Sentiment and Sensibility

“Engagement — like influence — is at heart an abstract,” Julie Hunt recently blogged.  “The overall picture comes from quantitative analytics results that are tempered by the understanding that customer engagement has a distinct and elusive qualitative side.  The qualitative side of digital engagement takes us into the messier world of sentiment analysis.”

As usual I agree with Hunt, especially about the messy world of sentiment analysis, which analyzes large amounts of largely unstructured data in an attempt to understand how customers think and feel about products and services.  Quantifying is easy, especially for computers.  Qualifying is elusive, even for humans.  So how much accuracy can we reasonably expect from quantitative approaches like sentiment analysis?  Can such an approach actually reveal high-quality insights?

In his insightful book The Secret Life of Pronouns: What Our Words Say About Us, social psychologist and language expert James Pennebaker shared results from his groundbreaking research in computational linguistics—in essence, counting the frequency of words we use—to show that our language carries secrets about, among other things, our thoughts and feelings.

“Sociolinguists,” Pennebaker explained, “focus on broad social dimensions such as gender, race, social class, and power.  Their approach is qualitative, involving recording and analyzing conversations on a case-by-case basis.  It is slow, painstaking work.  Over the course of a year, a good sociolinguist may analyze only a few interactions.  Whereas the qualitative approach is powerful at getting an in-depth understanding of a small group of interactions, the methods are not designed to get an accurate picture of an entire society or culture.  This is where computer-based text analysis methods can help.  By analyzing the blogs of hundreds of thousands of people, for example, the computer-based methods can quickly determine the nature of gender differences as a function of age, class, native language, region, and other domains.”

“In other words,” Pennebaker concluded, “a relatively slow but careful qualitative approach can give us an in-depth view of a small group of people; a computer-based quantitative approach provides a broader social and cultural perspective.”

One example of sentiment analysis is trying to accurately predict box office sales before the opening weekend of a new movie, about which Graeme Noseworthy recently blogged.  Although he reported high prediction accuracy compared to industry benchmarks, he also “learned that intent to watch extracted from social buzz does not necessarily equate to positive sentiment.”  

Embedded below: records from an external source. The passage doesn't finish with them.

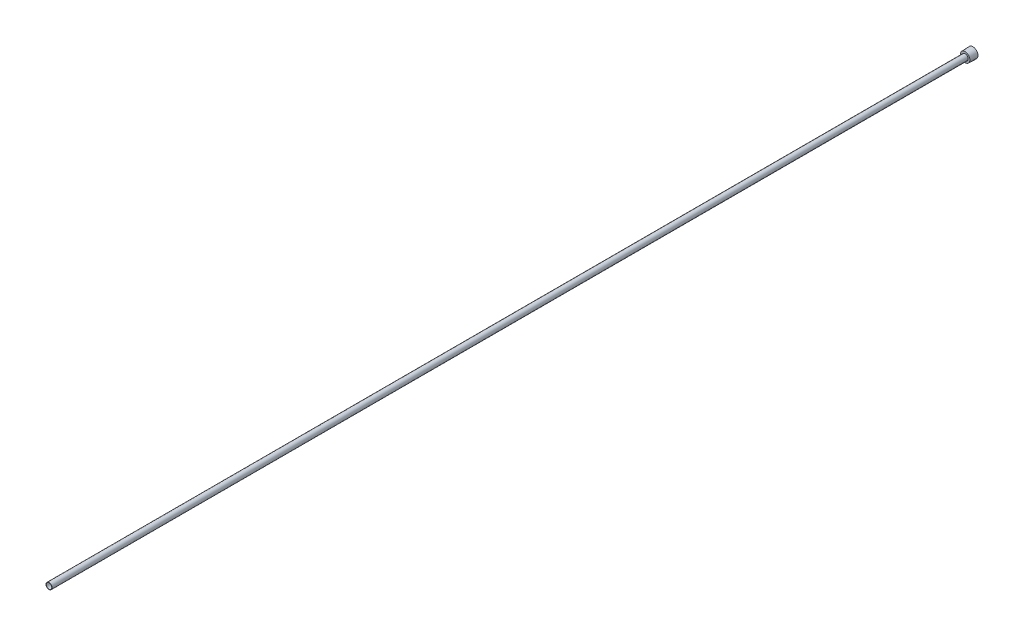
ISO-10303-21;
HEADER;
FILE_DESCRIPTION(('STEP AP214'),'2;1');
FILE_NAME('part.step','',(''),(''),'','','');
FILE_SCHEMA(('AUTOMOTIVE_DESIGN { 1 0 10303 214 1 1 1 1 }'));
ENDSEC;
DATA;
#1=APPLICATION_CONTEXT('core data for automotive mechanical design processes');
#2=APPLICATION_PROTOCOL_DEFINITION('international standard','automotive_design',2000,#1);
#3=PRODUCT_CONTEXT('',#1,'mechanical');
#4=PRODUCT('Part','Part','',(#3));
#5=PRODUCT_RELATED_PRODUCT_CATEGORY('part','',(#4));
#6=PRODUCT_DEFINITION_FORMATION('','',#4);
#7=PRODUCT_DEFINITION_CONTEXT('part definition',#1,'design');
#8=PRODUCT_DEFINITION('design','',#6,#7);
#9=PRODUCT_DEFINITION_SHAPE('','',#8);
#10=(LENGTH_UNIT() NAMED_UNIT(*) SI_UNIT(.MILLI.,.METRE.));
#11=(NAMED_UNIT(*) PLANE_ANGLE_UNIT() SI_UNIT($,.RADIAN.));
#12=(NAMED_UNIT(*) SI_UNIT($,.STERADIAN.) SOLID_ANGLE_UNIT());
#13=UNCERTAINTY_MEASURE_WITH_UNIT(LENGTH_MEASURE(1.E-05),#10,'distance_accuracy_value','');
#14=(GEOMETRIC_REPRESENTATION_CONTEXT(3) GLOBAL_UNCERTAINTY_ASSIGNED_CONTEXT((#13)) GLOBAL_UNIT_ASSIGNED_CONTEXT((#10,
#11,#12)) REPRESENTATION_CONTEXT('',''));
#15=CARTESIAN_POINT('',(0.,0.,0.));
#16=DIRECTION('',(0.,0.,1.));
#17=DIRECTION('',(1.,0.,0.));
#18=AXIS2_PLACEMENT_3D('',#15,#16,#17);
#19=CARTESIAN_POINT('',(0.,0.,0.));
#20=DIRECTION('',(0.,0.,1.));
#21=DIRECTION('',(1.,0.,0.));
#22=AXIS2_PLACEMENT_3D('',#19,#20,#21);
#23=CYLINDRICAL_SURFACE('',#22,3.65125);
#24=CARTESIAN_POINT('',(0.,0.,1219.2));
#25=DIRECTION('',(0.,0.,1.));
#26=DIRECTION('',(1.,0.,0.));
#27=AXIS2_PLACEMENT_3D('',#24,#25,#26);
#28=CIRCLE('',#27,3.65125);
#29=CARTESIAN_POINT('',(3.65125,0.,1219.2));
#30=VERTEX_POINT('',#29);
#31=EDGE_CURVE('E141',#30,#30,#28,.T.);
#32=CARTESIAN_POINT('',(0.,0.,6.35));
#33=DIRECTION('',(0.,0.,-1.));
#34=DIRECTION('',(-1.,0.,0.));
#35=AXIS2_PLACEMENT_3D('',#32,#33,#34);
#36=CIRCLE('',#35,3.65125);
#37=CARTESIAN_POINT('',(3.65125,0.,6.35));
#38=VERTEX_POINT('',#37);
#39=EDGE_CURVE('E36',#38,#38,#36,.F.);
#40=CARTESIAN_POINT('',(3.65125,0.,1219.2));
#41=CARTESIAN_POINT('',(3.65125,0.,1206.56614583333));
#42=CARTESIAN_POINT('',(3.65125,0.,1193.93229166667));
#43=CARTESIAN_POINT('',(3.65125,0.,1168.66458333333));
#44=CARTESIAN_POINT('',(3.65125,0.,1156.03072916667));
#45=CARTESIAN_POINT('',(3.65125,0.,1130.76302083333));
#46=CARTESIAN_POINT('',(3.65125,0.,1118.12916666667));
#47=CARTESIAN_POINT('',(3.65125,0.,1092.86145833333));
#48=CARTESIAN_POINT('',(3.65125,0.,1080.22760416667));
#49=CARTESIAN_POINT('',(3.65125,0.,1054.95989583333));
#50=CARTESIAN_POINT('',(3.65125,0.,1042.32604166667));
#51=CARTESIAN_POINT('',(3.65125,0.,1017.05833333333));
#52=CARTESIAN_POINT('',(3.65125,0.,1004.42447916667));
#53=CARTESIAN_POINT('',(3.65125,0.,979.156770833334));
#54=CARTESIAN_POINT('',(3.65125,0.,966.522916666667));
#55=CARTESIAN_POINT('',(3.65125,0.,941.255208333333));
#56=CARTESIAN_POINT('',(3.65125,0.,928.621354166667));
#57=CARTESIAN_POINT('',(3.65125,0.,903.353645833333));
#58=CARTESIAN_POINT('',(3.65125,0.,890.719791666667));
#59=CARTESIAN_POINT('',(3.65125,0.,865.452083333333));
#60=CARTESIAN_POINT('',(3.65125,0.,852.818229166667));
#61=CARTESIAN_POINT('',(3.65125,0.,827.550520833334));
#62=CARTESIAN_POINT('',(3.65125,0.,814.916666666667));
#63=CARTESIAN_POINT('',(3.65125,0.,789.648958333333));
#64=CARTESIAN_POINT('',(3.65125,0.,777.015104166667));
#65=CARTESIAN_POINT('',(3.65125,0.,751.747395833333));
#66=CARTESIAN_POINT('',(3.65125,0.,739.113541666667));
#67=CARTESIAN_POINT('',(3.65125,0.,713.845833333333));
#68=CARTESIAN_POINT('',(3.65125,0.,701.211979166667));
#69=CARTESIAN_POINT('',(3.65125,0.,675.944270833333));
#70=CARTESIAN_POINT('',(3.65125,0.,663.310416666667));
#71=CARTESIAN_POINT('',(3.65125,0.,638.042708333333));
#72=CARTESIAN_POINT('',(3.65125,0.,625.408854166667));
#73=CARTESIAN_POINT('',(3.65125,0.,600.141145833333));
#74=CARTESIAN_POINT('',(3.65125,0.,587.507291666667));
#75=CARTESIAN_POINT('',(3.65125,0.,562.239583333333));
#76=CARTESIAN_POINT('',(3.65125,0.,549.605729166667));
#77=CARTESIAN_POINT('',(3.65125,0.,524.338020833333));
#78=CARTESIAN_POINT('',(3.65125,0.,511.704166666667));
#79=CARTESIAN_POINT('',(3.65125,0.,486.436458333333));
#80=CARTESIAN_POINT('',(3.65125,0.,473.802604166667));
#81=CARTESIAN_POINT('',(3.65125,0.,448.534895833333));
#82=CARTESIAN_POINT('',(3.65125,0.,435.901041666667));
#83=CARTESIAN_POINT('',(3.65125,0.,410.633333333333));
#84=CARTESIAN_POINT('',(3.65125,0.,397.999479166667));
#85=CARTESIAN_POINT('',(3.65125,0.,372.731770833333));
#86=CARTESIAN_POINT('',(3.65125,0.,360.097916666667));
#87=CARTESIAN_POINT('',(3.65125,0.,334.830208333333));
#88=CARTESIAN_POINT('',(3.65125,0.,322.196354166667));
#89=CARTESIAN_POINT('',(3.65125,0.,296.928645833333));
#90=CARTESIAN_POINT('',(3.65125,0.,284.294791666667));
#91=CARTESIAN_POINT('',(3.65125,0.,259.027083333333));
#92=CARTESIAN_POINT('',(3.65125,0.,246.393229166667));
#93=CARTESIAN_POINT('',(3.65125,0.,221.125520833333));
#94=CARTESIAN_POINT('',(3.65125,0.,208.491666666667));
#95=CARTESIAN_POINT('',(3.65125,0.,183.223958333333));
#96=CARTESIAN_POINT('',(3.65125,0.,170.590104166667));
#97=CARTESIAN_POINT('',(3.65125,0.,145.322395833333));
#98=CARTESIAN_POINT('',(3.65125,0.,132.688541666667));
#99=CARTESIAN_POINT('',(3.65125,0.,107.420833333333));
#100=CARTESIAN_POINT('',(3.65125,0.,94.7869791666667));
#101=CARTESIAN_POINT('',(3.65125,0.,69.5192708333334));
#102=CARTESIAN_POINT('',(3.65125,0.,56.8854166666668));
#103=CARTESIAN_POINT('',(3.65125,0.,31.6177083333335));
#104=CARTESIAN_POINT('',(3.65125,0.,18.9838541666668));
#105=CARTESIAN_POINT('',(3.65125,0.,6.35000000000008));
#106=B_SPLINE_CURVE_WITH_KNOTS('',3,(#40,#41,#42,#43,#44,#45,#46,#47,#48,#49,#50,#51,#52,#53,
#54,#55,#56,#57,#58,#59,#60,#61,#62,#63,#64,#65,#66,#67,#68,#69,#70,#71,#72,#73,#74,#75,#76,#77,
#78,#79,#80,#81,#82,#83,#84,#85,#86,#87,#88,#89,#90,#91,#92,#93,#94,#95,#96,#97,#98,#99,#100,
#101,#102,#103,#104,#105),.UNSPECIFIED.,.F.,.F.,(4,2,2,2,2,2,2,2,2,2,2,2,2,2,2,2,2,2,2,2,2,2,2,
2,2,2,2,2,2,2,2,2,4),(0.,37.9015625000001,75.803125,113.7046875,151.60625,189.5078125,
227.409375,265.3109375,303.2125,341.1140625,379.015625,416.9171875,454.81875,492.7203125,
530.621875,568.5234375,606.425,644.3265625,682.228125,720.1296875,758.03125,795.9328125,
833.834375,871.7359375,909.6375,947.5390625,985.440625,1023.3421875,1061.24375,1099.1453125,
1137.046875,1174.9484375,1212.85),.UNSPECIFIED.);
#107=EDGE_CURVE('BSEAM32',#30,#38,#106,.T.);
#108=ORIENTED_EDGE('',*,*,#31,.T.);
#109=ORIENTED_EDGE('',*,*,#39,.F.);
#110=ORIENTED_EDGE('',*,*,#107,.T.);
#111=ORIENTED_EDGE('',*,*,#107,.F.);
#112=EDGE_LOOP('',(#108,#110,#109,#111));
#113=FACE_BOUND('',#112,.T.);
#114=ADVANCED_FACE('F32',(#113),#23,.F.);
#115=CARTESIAN_POINT('',(0.,0.,0.));
#116=DIRECTION('',(0.,0.,-1.));
#117=DIRECTION('',(-1.,0.,0.));
#118=AXIS2_PLACEMENT_3D('',#115,#116,#117);
#119=CONICAL_SURFACE('',#118,6.7183,0.0364599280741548);
#120=CARTESIAN_POINT('',(0.,0.,10.3124));
#121=DIRECTION('',(0.,0.,1.));
#122=DIRECTION('',(1.,0.,0.));
#123=AXIS2_PLACEMENT_3D('',#120,#121,#122);
#124=CIRCLE('',#123,6.34214394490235);
#125=CARTESIAN_POINT('',(6.34214394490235,0.,10.3124));
#126=VERTEX_POINT('',#125);
#127=EDGE_CURVE('E11',#126,#126,#124,.T.);
#128=ORIENTED_EDGE('',*,*,#127,.F.);
#129=EDGE_LOOP('',(#128));
#130=FACE_BOUND('',#129,.T.);
#131=CARTESIAN_POINT('',(0.,0.,0.));
#132=DIRECTION('',(0.,0.,1.));
#133=DIRECTION('',(1.,0.,0.));
#134=AXIS2_PLACEMENT_3D('',#131,#132,#133);
#135=CIRCLE('',#134,6.7183);
#136=CARTESIAN_POINT('',(6.7183,0.,0.));
#137=VERTEX_POINT('',#136);
#138=EDGE_CURVE('E144',#137,#137,#135,.T.);
#139=ORIENTED_EDGE('',*,*,#138,.T.);
#140=EDGE_LOOP('',(#139));
#141=FACE_BOUND('',#140,.T.);
#142=ADVANCED_FACE('F34',(#130,#141),#119,.T.);
#143=CARTESIAN_POINT('',(0.,6.34214394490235,10.3124));
#144=DIRECTION('',(0.,0.,-1.));
#145=DIRECTION('',(-1.,0.,0.));
#146=AXIS2_PLACEMENT_3D('',#143,#144,#145);
#147=PLANE('',#146);
#148=CARTESIAN_POINT('',(0.,0.,10.3124));
#149=DIRECTION('',(0.,0.,1.));
#150=DIRECTION('',(1.,0.,0.));
#151=AXIS2_PLACEMENT_3D('',#148,#149,#150);
#152=CIRCLE('',#151,3.96875);
#153=CARTESIAN_POINT('',(3.96875,0.,10.3124));
#154=VERTEX_POINT('',#153);
#155=EDGE_CURVE('E41',#154,#154,#152,.T.);
#156=ORIENTED_EDGE('',*,*,#155,.F.);
#157=EDGE_LOOP('',(#156));
#158=FACE_BOUND('',#157,.T.);
#159=ORIENTED_EDGE('',*,*,#127,.T.);
#160=EDGE_LOOP('',(#159));
#161=FACE_BOUND('',#160,.T.);
#162=ADVANCED_FACE('F155',(#158,#161),#147,.F.);
#163=CARTESIAN_POINT('',(0.,0.,331.124179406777));
#164=DIRECTION('',(0.,0.,1.));
#165=DIRECTION('',(1.,0.,0.));
#166=AXIS2_PLACEMENT_3D('',#163,#164,#165);
#167=CYLINDRICAL_SURFACE('',#166,3.96874999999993);
#168=CARTESIAN_POINT('',(0.,0.,1219.2));
#169=DIRECTION('',(0.,0.,1.));
#170=DIRECTION('',(1.,0.,0.));
#171=AXIS2_PLACEMENT_3D('',#168,#169,#170);
#172=CIRCLE('',#171,3.96874999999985);
#173=CARTESIAN_POINT('',(3.96874999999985,0.,1219.2));
#174=VERTEX_POINT('',#173);
#175=EDGE_CURVE('E147',#174,#174,#172,.T.);
#176=ORIENTED_EDGE('',*,*,#175,.F.);
#177=EDGE_LOOP('',(#176));
#178=FACE_BOUND('',#177,.T.);
#179=ORIENTED_EDGE('',*,*,#155,.T.);
#180=EDGE_LOOP('',(#179));
#181=FACE_BOUND('',#180,.T.);
#182=ADVANCED_FACE('F153',(#178,#181),#167,.T.);
#183=CARTESIAN_POINT('',(0.,3.96874999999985,1219.2));
#184=DIRECTION('',(0.,0.,-1.));
#185=DIRECTION('',(-1.,0.,0.));
#186=AXIS2_PLACEMENT_3D('',#183,#184,#185);
#187=PLANE('',#186);
#188=ORIENTED_EDGE('',*,*,#31,.F.);
#189=EDGE_LOOP('',(#188));
#190=FACE_BOUND('',#189,.T.);
#191=ORIENTED_EDGE('',*,*,#175,.T.);
#192=EDGE_LOOP('',(#191));
#193=FACE_BOUND('',#192,.T.);
#194=ADVANCED_FACE('F166',(#190,#193),#187,.F.);
#195=CARTESIAN_POINT('',(0.,0.,0.));
#196=DIRECTION('',(0.,0.,1.));
#197=DIRECTION('',(1.,0.,0.));
#198=AXIS2_PLACEMENT_3D('',#195,#196,#197);
#199=PLANE('',#198);
#200=DIRECTION('',(-0.866025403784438,-0.5,0.));
#201=VECTOR('',#200,1.);
#202=CARTESIAN_POINT('',(4.7625,-2.74963065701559,0.));
#203=LINE('',#202,#201);
#204=CARTESIAN_POINT('',(4.7625,-2.74963065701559,0.));
#205=VERTEX_POINT('',#204);
#206=CARTESIAN_POINT('',(0.,-5.49926131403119,0.));
#207=VERTEX_POINT('',#206);
#208=EDGE_CURVE('E123',#205,#207,#203,.T.);
#209=ORIENTED_EDGE('',*,*,#208,.F.);
#210=DIRECTION('',(0.,-1.,0.));
#211=VECTOR('',#210,1.);
#212=CARTESIAN_POINT('',(4.7625,2.74963065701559,0.));
#213=LINE('',#212,#211);
#214=CARTESIAN_POINT('',(4.7625,2.74963065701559,0.));
#215=VERTEX_POINT('',#214);
#216=EDGE_CURVE('E48',#215,#205,#213,.T.);
#217=ORIENTED_EDGE('',*,*,#216,.F.);
#218=DIRECTION('',(0.866025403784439,-0.5,0.));
#219=VECTOR('',#218,1.);
#220=CARTESIAN_POINT('',(0.,5.49926131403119,0.));
#221=LINE('',#220,#219);
#222=CARTESIAN_POINT('',(0.,5.49926131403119,0.));
#223=VERTEX_POINT('',#222);
#224=EDGE_CURVE('E132',#223,#215,#221,.T.);
#225=ORIENTED_EDGE('',*,*,#224,.F.);
#226=DIRECTION('',(0.866025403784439,0.5,0.));
#227=VECTOR('',#226,1.);
#228=CARTESIAN_POINT('',(-4.7625,2.7496306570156,0.));
#229=LINE('',#228,#227);
#230=CARTESIAN_POINT('',(-4.7625,2.7496306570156,0.));
#231=VERTEX_POINT('',#230);
#232=EDGE_CURVE('E130',#231,#223,#229,.T.);
#233=ORIENTED_EDGE('',*,*,#232,.F.);
#234=DIRECTION('',(0.,1.,0.));
#235=VECTOR('',#234,1.);
#236=CARTESIAN_POINT('',(-4.7625,-2.74963065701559,0.));
#237=LINE('',#236,#235);
#238=CARTESIAN_POINT('',(-4.7625,-2.74963065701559,0.));
#239=VERTEX_POINT('',#238);
#240=EDGE_CURVE('E96',#239,#231,#237,.T.);
#241=ORIENTED_EDGE('',*,*,#240,.F.);
#242=DIRECTION('',(-0.866025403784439,0.5,0.));
#243=VECTOR('',#242,1.);
#244=CARTESIAN_POINT('',(0.,-5.49926131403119,0.));
#245=LINE('',#244,#243);
#246=EDGE_CURVE('E126',#207,#239,#245,.T.);
#247=ORIENTED_EDGE('',*,*,#246,.F.);
#248=EDGE_LOOP('',(#209,#217,#225,#233,#241,#247));
#249=FACE_BOUND('',#248,.T.);
#250=ORIENTED_EDGE('',*,*,#138,.F.);
#251=EDGE_LOOP('',(#250));
#252=FACE_BOUND('',#251,.T.);
#253=ADVANCED_FACE('F164',(#249,#252),#199,.F.);
#254=CARTESIAN_POINT('',(4.7625,-2.74963065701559,6.35));
#255=DIRECTION('',(0.,0.,-1.));
#256=DIRECTION('',(-1.,0.,0.));
#257=AXIS2_PLACEMENT_3D('',#254,#255,#256);
#258=PLANE('',#257);
#259=DIRECTION('',(0.,-1.,0.));
#260=VECTOR('',#259,1.);
#261=CARTESIAN_POINT('',(4.7625,2.74963065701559,6.35));
#262=LINE('',#261,#260);
#263=CARTESIAN_POINT('',(4.7625,2.74963065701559,6.35));
#264=VERTEX_POINT('',#263);
#265=CARTESIAN_POINT('',(4.7625,-2.74963065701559,6.35));
#266=VERTEX_POINT('',#265);
#267=EDGE_CURVE('E134',#264,#266,#262,.T.);
#268=ORIENTED_EDGE('',*,*,#267,.T.);
#269=DIRECTION('',(-0.866025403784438,-0.5,0.));
#270=VECTOR('',#269,1.);
#271=CARTESIAN_POINT('',(4.7625,-2.74963065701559,6.35));
#272=LINE('',#271,#270);
#273=CARTESIAN_POINT('',(0.,-5.49926131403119,6.35));
#274=VERTEX_POINT('',#273);
#275=EDGE_CURVE('E117',#266,#274,#272,.T.);
#276=ORIENTED_EDGE('',*,*,#275,.T.);
#277=DIRECTION('',(-0.866025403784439,0.5,0.));
#278=VECTOR('',#277,1.);
#279=CARTESIAN_POINT('',(0.,-5.49926131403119,6.35));
#280=LINE('',#279,#278);
#281=CARTESIAN_POINT('',(-4.7625,-2.74963065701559,6.35));
#282=VERTEX_POINT('',#281);
#283=EDGE_CURVE('E115',#274,#282,#280,.T.);
#284=ORIENTED_EDGE('',*,*,#283,.T.);
#285=DIRECTION('',(0.,1.,0.));
#286=VECTOR('',#285,1.);
#287=CARTESIAN_POINT('',(-4.7625,-2.74963065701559,6.35));
#288=LINE('',#287,#286);
#289=CARTESIAN_POINT('',(-4.7625,2.7496306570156,6.35));
#290=VERTEX_POINT('',#289);
#291=EDGE_CURVE('E93',#282,#290,#288,.T.);
#292=ORIENTED_EDGE('',*,*,#291,.T.);
#293=DIRECTION('',(0.866025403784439,0.5,0.));
#294=VECTOR('',#293,1.);
#295=CARTESIAN_POINT('',(-4.7625,2.7496306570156,6.35));
#296=LINE('',#295,#294);
#297=CARTESIAN_POINT('',(0.,5.49926131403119,6.35));
#298=VERTEX_POINT('',#297);
#299=EDGE_CURVE('E104',#290,#298,#296,.T.);
#300=ORIENTED_EDGE('',*,*,#299,.T.);
#301=DIRECTION('',(0.866025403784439,-0.5,0.));
#302=VECTOR('',#301,1.);
#303=CARTESIAN_POINT('',(0.,5.49926131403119,6.35));
#304=LINE('',#303,#302);
#305=EDGE_CURVE('E108',#298,#264,#304,.T.);
#306=ORIENTED_EDGE('',*,*,#305,.T.);
#307=EDGE_LOOP('',(#268,#276,#284,#292,#300,#306));
#308=FACE_BOUND('',#307,.T.);
#309=ORIENTED_EDGE('',*,*,#39,.T.);
#310=EDGE_LOOP('',(#309));
#311=FACE_BOUND('',#310,.T.);
#312=ADVANCED_FACE('F111',(#308,#311),#258,.T.);
#313=CARTESIAN_POINT('',(4.7625,2.74963065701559,6.35));
#314=DIRECTION('',(1.,0.,0.));
#315=DIRECTION('',(0.,1.,0.));
#316=AXIS2_PLACEMENT_3D('',#313,#314,#315);
#317=PLANE('',#316);
#318=ORIENTED_EDGE('',*,*,#216,.T.);
#319=DIRECTION('',(0.,0.,-1.));
#320=VECTOR('',#319,1.);
#321=CARTESIAN_POINT('',(4.7625,-2.74963065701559,6.35));
#322=LINE('',#321,#320);
#323=EDGE_CURVE('E78',#266,#205,#322,.T.);
#324=ORIENTED_EDGE('',*,*,#323,.F.);
#325=ORIENTED_EDGE('',*,*,#267,.F.);
#326=DIRECTION('',(0.,0.,-1.));
#327=VECTOR('',#326,1.);
#328=CARTESIAN_POINT('',(4.7625,2.74963065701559,6.35));
#329=LINE('',#328,#327);
#330=EDGE_CURVE('E56',#264,#215,#329,.T.);
#331=ORIENTED_EDGE('',*,*,#330,.T.);
#332=EDGE_LOOP('',(#318,#324,#325,#331));
#333=FACE_BOUND('',#332,.T.);
#334=ADVANCED_FACE('F173',(#333),#317,.F.);
#335=CARTESIAN_POINT('',(0.,5.49926131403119,6.35));
#336=DIRECTION('',(0.5,0.866025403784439,0.));
#337=DIRECTION('',(-0.866025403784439,0.5,0.));
#338=AXIS2_PLACEMENT_3D('',#335,#336,#337);
#339=PLANE('',#338);
#340=ORIENTED_EDGE('',*,*,#224,.T.);
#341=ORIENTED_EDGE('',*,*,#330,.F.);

“For example, a big budget action movie that has a high degree of normalized net sentiment was relatively easy to accurately predict.  But a live action kid’s movie is much more difficult.  Why?  Simple: kids don’t tweet.  As such, a movie like that might have a large amount of negative sentiment but still perform very well at the box office.  How so?  Consider all the parents that tweet out something along the lines of: OMG, I have to go see ______ with my kids AGAIN? This is torture! #terriblemovies  They might dread the experience but chances are the kids loved the movie and will want to see it again and again.”

With its themes of gender and social class, Jane Austen’s 19th century novel Sense and Sensibility was great fodder for 20th century sociolinguists.  If 21st century social media had been around in 1995, would sentiment analysis have been able to predict opening weekend box office sales for Emma Thompson’s movie adaptation of the novel?  Perhaps just as Austen’s novel left it to the reader to decide whether sense and sensibility merged, sentiment analysis leaves it to the user to decide whether sentiment and sensibility merge the quantitative and qualitative enough to make sense of the messy world of the words customers choose when their word of mouth becomes the data driving the way businesses of all sizes market their products and services today.